Stored items from a collection:
------------------------------

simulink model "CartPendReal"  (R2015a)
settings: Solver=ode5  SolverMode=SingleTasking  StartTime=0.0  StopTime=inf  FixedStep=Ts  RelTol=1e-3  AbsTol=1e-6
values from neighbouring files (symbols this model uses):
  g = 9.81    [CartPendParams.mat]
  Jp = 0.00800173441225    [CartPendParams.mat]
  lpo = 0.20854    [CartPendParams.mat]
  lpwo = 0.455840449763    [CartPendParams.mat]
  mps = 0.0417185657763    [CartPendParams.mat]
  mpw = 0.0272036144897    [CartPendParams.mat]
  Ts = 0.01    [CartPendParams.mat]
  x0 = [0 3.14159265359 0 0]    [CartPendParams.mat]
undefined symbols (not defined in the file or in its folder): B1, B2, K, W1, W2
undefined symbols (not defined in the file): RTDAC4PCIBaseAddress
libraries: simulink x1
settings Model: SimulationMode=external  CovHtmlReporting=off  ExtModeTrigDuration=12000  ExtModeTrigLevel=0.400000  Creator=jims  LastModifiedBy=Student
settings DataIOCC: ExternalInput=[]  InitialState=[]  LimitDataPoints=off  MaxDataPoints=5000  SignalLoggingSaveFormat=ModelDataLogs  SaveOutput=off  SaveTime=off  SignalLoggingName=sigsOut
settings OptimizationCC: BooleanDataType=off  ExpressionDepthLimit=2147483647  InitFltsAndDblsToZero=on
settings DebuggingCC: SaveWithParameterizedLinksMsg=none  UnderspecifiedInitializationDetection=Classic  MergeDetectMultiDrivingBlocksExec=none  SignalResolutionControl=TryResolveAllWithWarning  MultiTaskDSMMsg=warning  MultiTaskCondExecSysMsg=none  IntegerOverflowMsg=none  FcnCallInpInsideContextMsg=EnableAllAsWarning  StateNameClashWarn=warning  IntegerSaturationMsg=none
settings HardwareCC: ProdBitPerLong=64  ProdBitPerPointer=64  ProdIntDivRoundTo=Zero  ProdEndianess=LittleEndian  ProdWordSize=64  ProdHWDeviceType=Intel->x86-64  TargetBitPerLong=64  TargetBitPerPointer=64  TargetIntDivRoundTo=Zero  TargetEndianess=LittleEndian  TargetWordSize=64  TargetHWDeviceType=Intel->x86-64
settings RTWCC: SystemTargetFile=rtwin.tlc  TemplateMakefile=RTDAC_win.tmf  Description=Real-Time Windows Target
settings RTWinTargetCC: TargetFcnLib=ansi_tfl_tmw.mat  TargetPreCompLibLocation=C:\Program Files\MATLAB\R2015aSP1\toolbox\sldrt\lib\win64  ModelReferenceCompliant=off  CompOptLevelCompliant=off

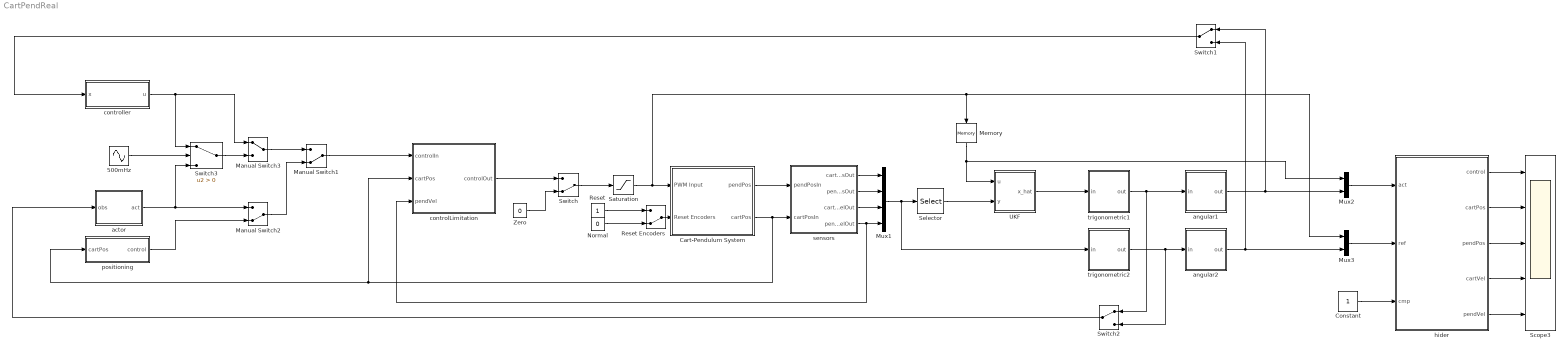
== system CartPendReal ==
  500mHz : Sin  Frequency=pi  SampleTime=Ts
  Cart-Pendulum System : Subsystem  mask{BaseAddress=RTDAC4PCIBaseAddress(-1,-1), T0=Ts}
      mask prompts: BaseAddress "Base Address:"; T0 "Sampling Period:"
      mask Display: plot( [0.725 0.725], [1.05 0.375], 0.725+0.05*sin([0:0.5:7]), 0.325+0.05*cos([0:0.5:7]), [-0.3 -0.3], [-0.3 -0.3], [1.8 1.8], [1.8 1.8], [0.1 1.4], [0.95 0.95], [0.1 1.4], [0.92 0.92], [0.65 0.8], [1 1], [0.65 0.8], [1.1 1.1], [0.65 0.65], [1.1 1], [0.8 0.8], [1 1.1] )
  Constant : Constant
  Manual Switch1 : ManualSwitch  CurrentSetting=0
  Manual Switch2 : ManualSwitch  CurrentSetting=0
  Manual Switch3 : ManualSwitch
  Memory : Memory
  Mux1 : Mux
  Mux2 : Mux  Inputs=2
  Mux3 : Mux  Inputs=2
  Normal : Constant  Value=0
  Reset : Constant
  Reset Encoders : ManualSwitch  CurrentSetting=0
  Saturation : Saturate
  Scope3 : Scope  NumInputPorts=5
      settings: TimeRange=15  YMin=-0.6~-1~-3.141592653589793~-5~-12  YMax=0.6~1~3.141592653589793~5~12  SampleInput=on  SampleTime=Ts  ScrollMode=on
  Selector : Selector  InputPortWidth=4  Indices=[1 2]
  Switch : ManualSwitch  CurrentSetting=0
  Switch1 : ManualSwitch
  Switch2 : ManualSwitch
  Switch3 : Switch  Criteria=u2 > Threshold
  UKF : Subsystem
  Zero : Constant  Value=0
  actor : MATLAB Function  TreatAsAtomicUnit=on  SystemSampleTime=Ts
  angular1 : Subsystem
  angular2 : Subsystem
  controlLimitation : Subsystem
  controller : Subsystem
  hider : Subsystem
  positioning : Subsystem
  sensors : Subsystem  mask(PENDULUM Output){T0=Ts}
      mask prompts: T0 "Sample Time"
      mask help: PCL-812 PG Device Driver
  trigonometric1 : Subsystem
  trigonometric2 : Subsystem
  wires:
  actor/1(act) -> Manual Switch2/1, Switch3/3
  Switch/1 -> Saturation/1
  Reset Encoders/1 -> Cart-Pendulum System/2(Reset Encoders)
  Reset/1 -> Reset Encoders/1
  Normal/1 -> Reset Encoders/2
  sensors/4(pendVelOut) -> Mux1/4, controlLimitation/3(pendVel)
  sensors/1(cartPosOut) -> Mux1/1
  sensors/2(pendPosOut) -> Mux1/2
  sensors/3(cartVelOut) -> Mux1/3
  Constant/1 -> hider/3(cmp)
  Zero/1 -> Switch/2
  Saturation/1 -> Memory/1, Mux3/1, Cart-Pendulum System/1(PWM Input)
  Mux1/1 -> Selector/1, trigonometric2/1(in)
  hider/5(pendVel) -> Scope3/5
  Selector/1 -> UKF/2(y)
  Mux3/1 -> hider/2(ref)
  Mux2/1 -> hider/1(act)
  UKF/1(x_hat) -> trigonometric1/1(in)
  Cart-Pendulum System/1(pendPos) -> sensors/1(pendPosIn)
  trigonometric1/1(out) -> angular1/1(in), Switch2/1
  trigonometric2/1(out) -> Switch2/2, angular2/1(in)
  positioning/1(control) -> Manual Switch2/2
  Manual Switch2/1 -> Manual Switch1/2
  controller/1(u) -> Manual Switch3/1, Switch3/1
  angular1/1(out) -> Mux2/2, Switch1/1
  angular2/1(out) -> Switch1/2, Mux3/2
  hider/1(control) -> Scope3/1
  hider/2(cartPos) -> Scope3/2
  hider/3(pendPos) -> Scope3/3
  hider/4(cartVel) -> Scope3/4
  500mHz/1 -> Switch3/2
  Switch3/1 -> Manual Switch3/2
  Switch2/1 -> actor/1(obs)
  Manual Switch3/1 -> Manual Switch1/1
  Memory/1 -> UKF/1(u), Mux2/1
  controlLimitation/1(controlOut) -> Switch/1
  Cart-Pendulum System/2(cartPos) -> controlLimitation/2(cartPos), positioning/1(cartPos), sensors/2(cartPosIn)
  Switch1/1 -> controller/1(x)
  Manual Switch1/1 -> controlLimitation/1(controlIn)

------------------------------

→ **WORK TASK**:
Pull each line containing "simulink" from the records.

→ **THE COMPLETED TASK**:
simulink model "CartPendReal"  (R2015a)
libraries: simulink x1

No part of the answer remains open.